[What to work on] Go through the entries below and collect each line with the string "schematic" in it.

[Given records]

____

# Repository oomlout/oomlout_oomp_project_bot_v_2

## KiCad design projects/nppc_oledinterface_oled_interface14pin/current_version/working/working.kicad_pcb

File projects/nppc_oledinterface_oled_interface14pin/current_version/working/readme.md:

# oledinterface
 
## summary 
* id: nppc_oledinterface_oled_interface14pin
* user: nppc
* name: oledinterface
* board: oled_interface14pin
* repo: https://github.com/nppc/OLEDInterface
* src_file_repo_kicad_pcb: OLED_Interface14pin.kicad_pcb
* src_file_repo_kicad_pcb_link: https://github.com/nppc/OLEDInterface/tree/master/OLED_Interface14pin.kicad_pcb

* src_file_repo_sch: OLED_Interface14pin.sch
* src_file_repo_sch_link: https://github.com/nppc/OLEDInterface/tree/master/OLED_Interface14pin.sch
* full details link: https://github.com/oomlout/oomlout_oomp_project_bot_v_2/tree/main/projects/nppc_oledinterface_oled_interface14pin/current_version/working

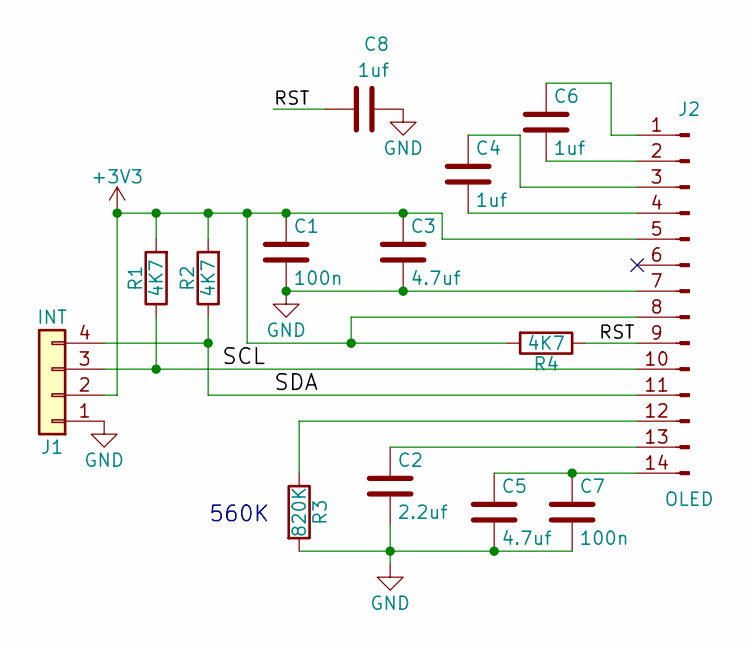
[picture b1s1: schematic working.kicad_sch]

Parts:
C1, C7: 100n; C_0402_NoSilk
C2: 2.2uf; C_0402_NoSilk
C3, C5: 4.7uf; C_0402_NoSilk
C4, C6, C8: 1uf; C_0402_NoSilk
J1: INT; SolderWirePad_4xInline_1-5mmDrill
J2: OLED; OLED_14pin
R1, R2, R4: 4K7; R_0402_NoSilk
R3: 820K; R_0402_NoSilk

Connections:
+3V3: C1.1, C3.1, J1.2, J2.5, J2.8, R1.2, R2.2, R4.2
/RST: C8.1, J2.9, R4.1
/SCL: J1.3, J2.10, R1.1
/SDA: J1.4, J2.11, R2.1
GND: C1.2, C2.2, C3.2, C5.2, C7.2, C8.2, J1.1, J2.7, R3.2
unnamed: C2.1, J2.13
unnamed: C4.1, J2.3
unnamed: C4.2, J2.4
unnamed: C5.1, C7.1, J2.14
unnamed: C6.1, J2.1
unnamed: C6.2, J2.2
unnamed: J2.12, R3.1

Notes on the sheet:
560K

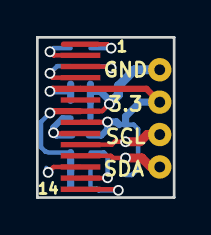
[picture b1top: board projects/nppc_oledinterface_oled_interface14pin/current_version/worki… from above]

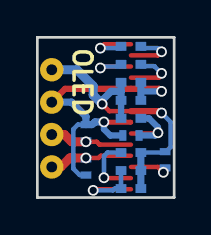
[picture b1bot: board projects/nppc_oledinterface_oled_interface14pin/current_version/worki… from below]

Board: 2 copper layers, 7.6 x 8.9 mm, 14 parts (12 on the bottom side), 12 nets.

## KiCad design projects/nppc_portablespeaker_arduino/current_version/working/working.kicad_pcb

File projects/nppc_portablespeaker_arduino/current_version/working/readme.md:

# portablespeaker
 
## summary 
* id: nppc_portablespeaker_arduino
* user: nppc
* name: portablespeaker
* board: arduino
* repo: https://github.com/nppc/PortableSpeaker
* src_file_repo_kicad_pcb: KiCad/Arduino/Arduino.kicad_pcb
* src_file_repo_kicad_pcb_link: https://github.com/nppc/PortableSpeaker/tree/master/KiCad/Arduino/Arduino.kicad_pcb

* src_file_repo_sch: KiCad/Arduino/Arduino.sch
* src_file_repo_sch_link: https://github.com/nppc/PortableSpeaker/tree/master/KiCad/Arduino/Arduino.sch
* full details link: https://github.com/oomlout/oomlout_oomp_project_bot_v_2/tree/main/projects/nppc_portablespeaker_arduino/current_version/working

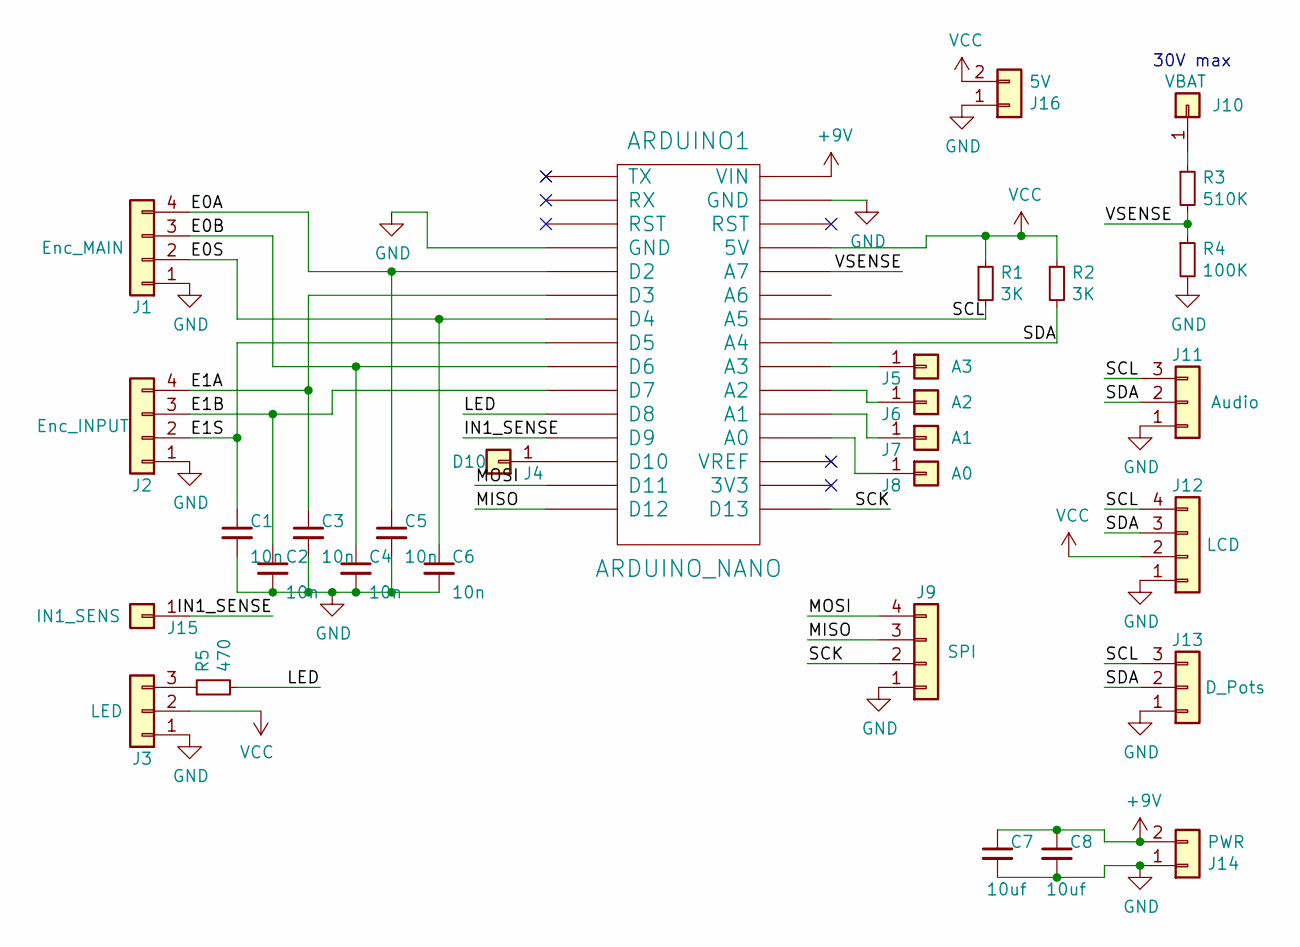
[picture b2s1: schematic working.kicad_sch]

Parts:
ARDUINO1: ARDUINO_NANO; arduino_nano
C1, C2, C3, C4, C5, C6: 10n; C_0603
C7, C8: 10uf; C_0603
J1: Enc_MAIN; Conn_1x04_2.54mm
J2: Enc_INPUT; Conn_1x04_2.54mm
J3: LED; Conn_1x03_2.54mm
J4: D10; Conn_1x01_2.54mm
J5: A3; Conn_1x01_2.54mm
J6: A2; Conn_1x01_2.54mm
J7: A1; Conn_1x01_2.54mm
J8: A0; Conn_1x01_2.54mm
J9: SPI; Conn_1x04_2.54mm
J10: VBAT; Conn_1x01_2.54mm
J11: Audio; Conn_1x03_2.54mm
J12: LCD; Conn_1x04_2.54mm
J13: D_Pots; Conn_1x03_2.54mm
J14: PWR; Conn_1x02_2.54mm
J15: IN1_SENS; Conn_1x01_2.54mm
J16: 5V; Conn_1x02_2.54mm
R1, R2: 3K; R_0603
R3: 510K; R_0603
R4: 100K; R_0603
R5: 470; R_0603

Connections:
+9V: ARDUINO1.30 (VIN), C7.1, C8.1, J14.2
/E0A: ARDUINO1.5 (D2), C5.1, J1.4
/E0B: ARDUINO1.9 (D6), C4.1, J1.3
/E0C: ARDUINO1.7 (D4), C6.1, J1.2
/E1A: ARDUINO1.6 (D3), C3.1, J2.4
/E1B: ARDUINO1.10 (D7), C2.1, J2.3
/E1C: ARDUINO1.8 (D5), C1.1, J2.2
/IN1_SENSE: ARDUINO1.12 (D9), J15.1
/LED: ARDUINO1.11 (D8), R5.2
/MISO: ARDUINO1.15 (D12), J9.3
/MOSI: ARDUINO1.14 (D11), J9.4
/SCK: ARDUINO1.16 (D13), J9.2
/SCL: ARDUINO1.24 (A5), J11.3, J12.4, J13.3, R1.2
/SDA: ARDUINO1.23 (A4), J11.2, J12.3, J13.2, R2.2
/VSENSE: ARDUINO1.26 (A7), R3.2, R4.1
GND: ARDUINO1.4 (GND), ARDUINO1.29 (GND), C1.2, C2.2, C3.2, C4.2, C5.2, C6.2, C7.2, C8.2, J1.1, J2.1, J3.1, J9.1, J11.1, J12.1, J13.1, J14.1, J16.1, R4.2
unnamed: ARDUINO1.13 (D10), J4.1
unnamed: ARDUINO1.19 (A0), J8.1
unnamed: ARDUINO1.20 (A1), J7.1
unnamed: ARDUINO1.21 (A2), J6.1
unnamed: ARDUINO1.22 (A3), J5.1
unnamed: J3.3, R5.1
unnamed: J10.1, R3.1
VCC: ARDUINO1.27 (5V), J3.2, J12.2, J16.2, R1.1, R2.1

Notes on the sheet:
30V max

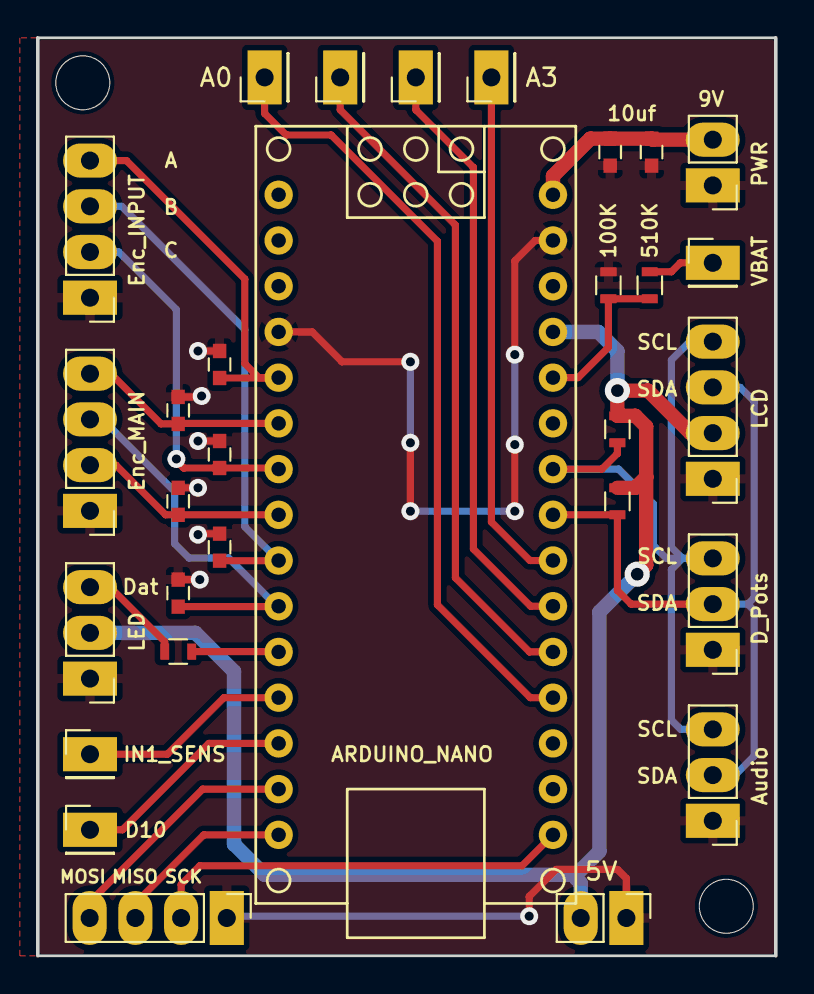
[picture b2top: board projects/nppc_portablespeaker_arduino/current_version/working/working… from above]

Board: 2 copper layers, 41.0 x 51.0 mm, 30 parts (0 on the bottom side), 24 nets.

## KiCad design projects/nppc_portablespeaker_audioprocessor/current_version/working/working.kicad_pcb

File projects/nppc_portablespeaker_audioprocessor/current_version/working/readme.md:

# portablespeaker
 
## summary 
* id: nppc_portablespeaker_audioprocessor
* user: nppc
* name: portablespeaker
* board: audioprocessor
* repo: https://github.com/nppc/PortableSpeaker
* src_file_repo_kicad_pcb: KiCad/AudioProcessor/AudioProcessor.kicad_pcb
* src_file_repo_kicad_pcb_link: https://github.com/nppc/PortableSpeaker/tree/master/KiCad/AudioProcessor/AudioProcessor.kicad_pcb

* src_file_repo_sch: KiCad/AudioProcessor/AudioProcessor.sch
* src_file_repo_sch_link: https://github.com/nppc/PortableSpeaker/tree/master/KiCad/AudioProcessor/AudioProcessor.sch
* full details link: https://github.com/oomlout/oomlout_oomp_project_bot_v_2/tree/main/projects/nppc_portablespeaker_audioprocessor/current_version/working

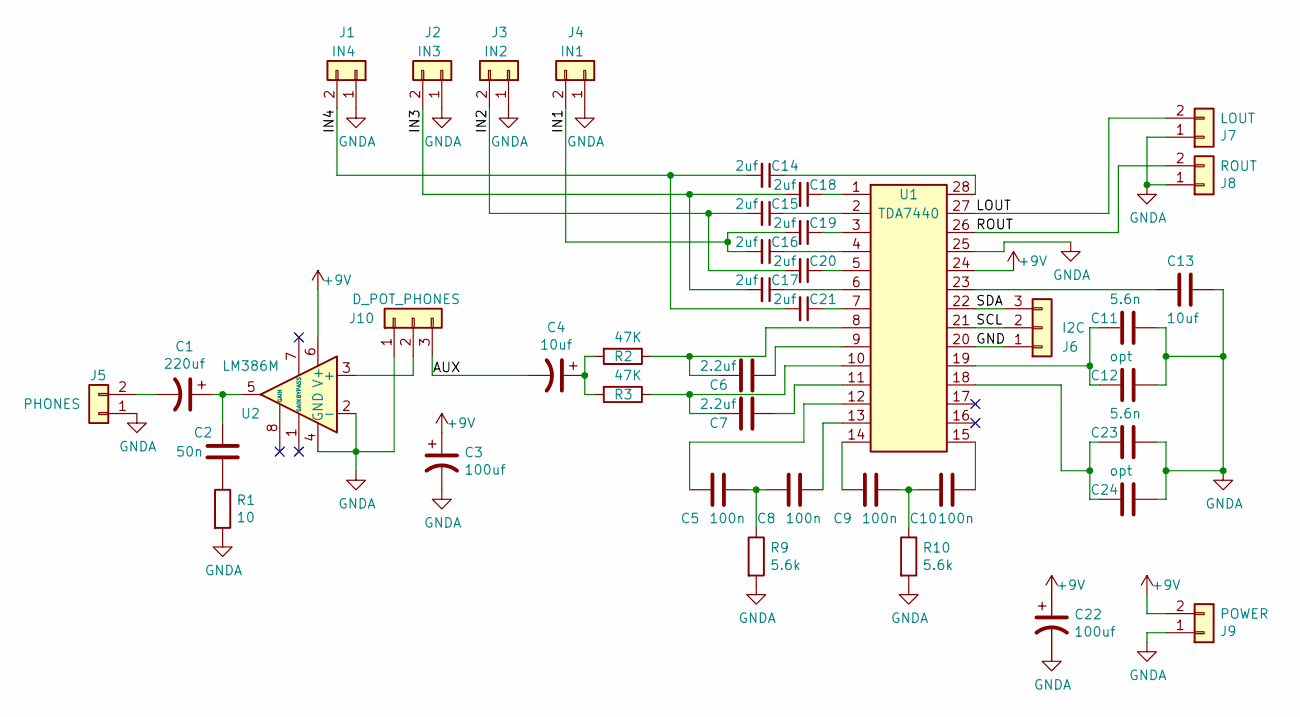
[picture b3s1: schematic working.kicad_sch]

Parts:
C1: 220uf; CP_Radial_Tantal_D8.0mm_P5.00mm
C2: 50n; C_0603
C3, C22: 100uf; CP_Radial_Tantal_D6.0mm_P5.00mm
C4: 10uf; CP_Radial_Tantal_D4.5mm_P2.50mm
C5, C8, C9, C10: 100n; C_Rect_L7.2mm_W2.5mm_P5.00mm_FKS2_FKP2_MKS2_MKP2
C6, C7: 2.2uf; C_0603
C11, C23: 5.6n; C_0805
C12, C24: opt; C_0805
C13: 10uf; C_0603
C14, C15, C16, C17, C18, C19, C20, C21: 2uf; C_0603
J1: IN4; Conn_1x02_2.54mm
J2: IN3; Conn_1x02_2.54mm
J3: IN2; Conn_1x02_2.54mm
J4: IN1; Conn_1x02_2.54mm
J5: PHONES; Conn_1x02_2.54mm
J6: I2C; Conn_1x03_2.54mm
J7: LOUT; Conn_1x02_2.54mm
J8: ROUT; Conn_1x02_2.54mm
J9: POWER; Conn_1x02_2.54mm
J10: D_POT_PHONES; Conn_1x03_2.54mm
R1: 10; R_0603
R2, R3: 47K; R_0603
R9, R10: 5.6k; R_0603
U1: TDA7440; SOIC-28W_7.5x17.9mm_Pitch1.27mm
U2: LM386M; DIP-8_W7.62mm_Socket

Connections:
+9V: C3.1, C22.1, J9.2, U1.24, U2.6 (V+)
/AUX: C4.2, J10.3
/GND: J6.1, U1.20
/IN1: C16.2, C19.2, J4.2
/IN2: C15.2, C20.2, J3.2
/IN3: C17.2, C18.2, J2.2
/IN4: C14.2, C21.2, J1.2
/LOUT: J7.2, U1.27
/ROUT: J8.2, U1.26
/SCL: J6.2, U1.21
/SDA: J6.3, U1.22
GNDA: C3.2, C11.1, C12.1, C13.1, C22.2, C23.1, C24.1, J1.1, J2.1, J3.1, J4.1, J5.1, J7.1, J8.1, J9.1, J10.1, R1.2, R9.2, R10.2, U1.25, U2.2 (-), U2.4 (GND)
unnamed: C1.1, C2.2, U2.5
unnamed: C1.2, J5.2
unnamed: C2.1, R1.1
unnamed: C4.1, R2.2, R3.2
unnamed: C5.1, C8.2, R9.1
unnamed: C5.2, U1.12
unnamed: C6.1, U1.9
unnamed: C6.2, R2.1, U1.8
unnamed: C7.1, U1.11
unnamed: C7.2, R3.1, U1.10
unnamed: C8.1, U1.13
unnamed: C9.2, U1.14
unnamed: C10.1, U1.15
unnamed: C9.1, C10.2, R10.1
unnamed: C11.2, C12.2, U1.19
unnamed: C13.2, U1.23
unnamed: C14.1, U1.28
unnamed: C15.1, U1.2
unnamed: C16.1, U1.4
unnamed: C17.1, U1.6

____

[Written response]
[picture b1s1: schematic working.kicad_sch]
[picture b2s1: schematic working.kicad_sch]
[picture b3s1: schematic working.kicad_sch]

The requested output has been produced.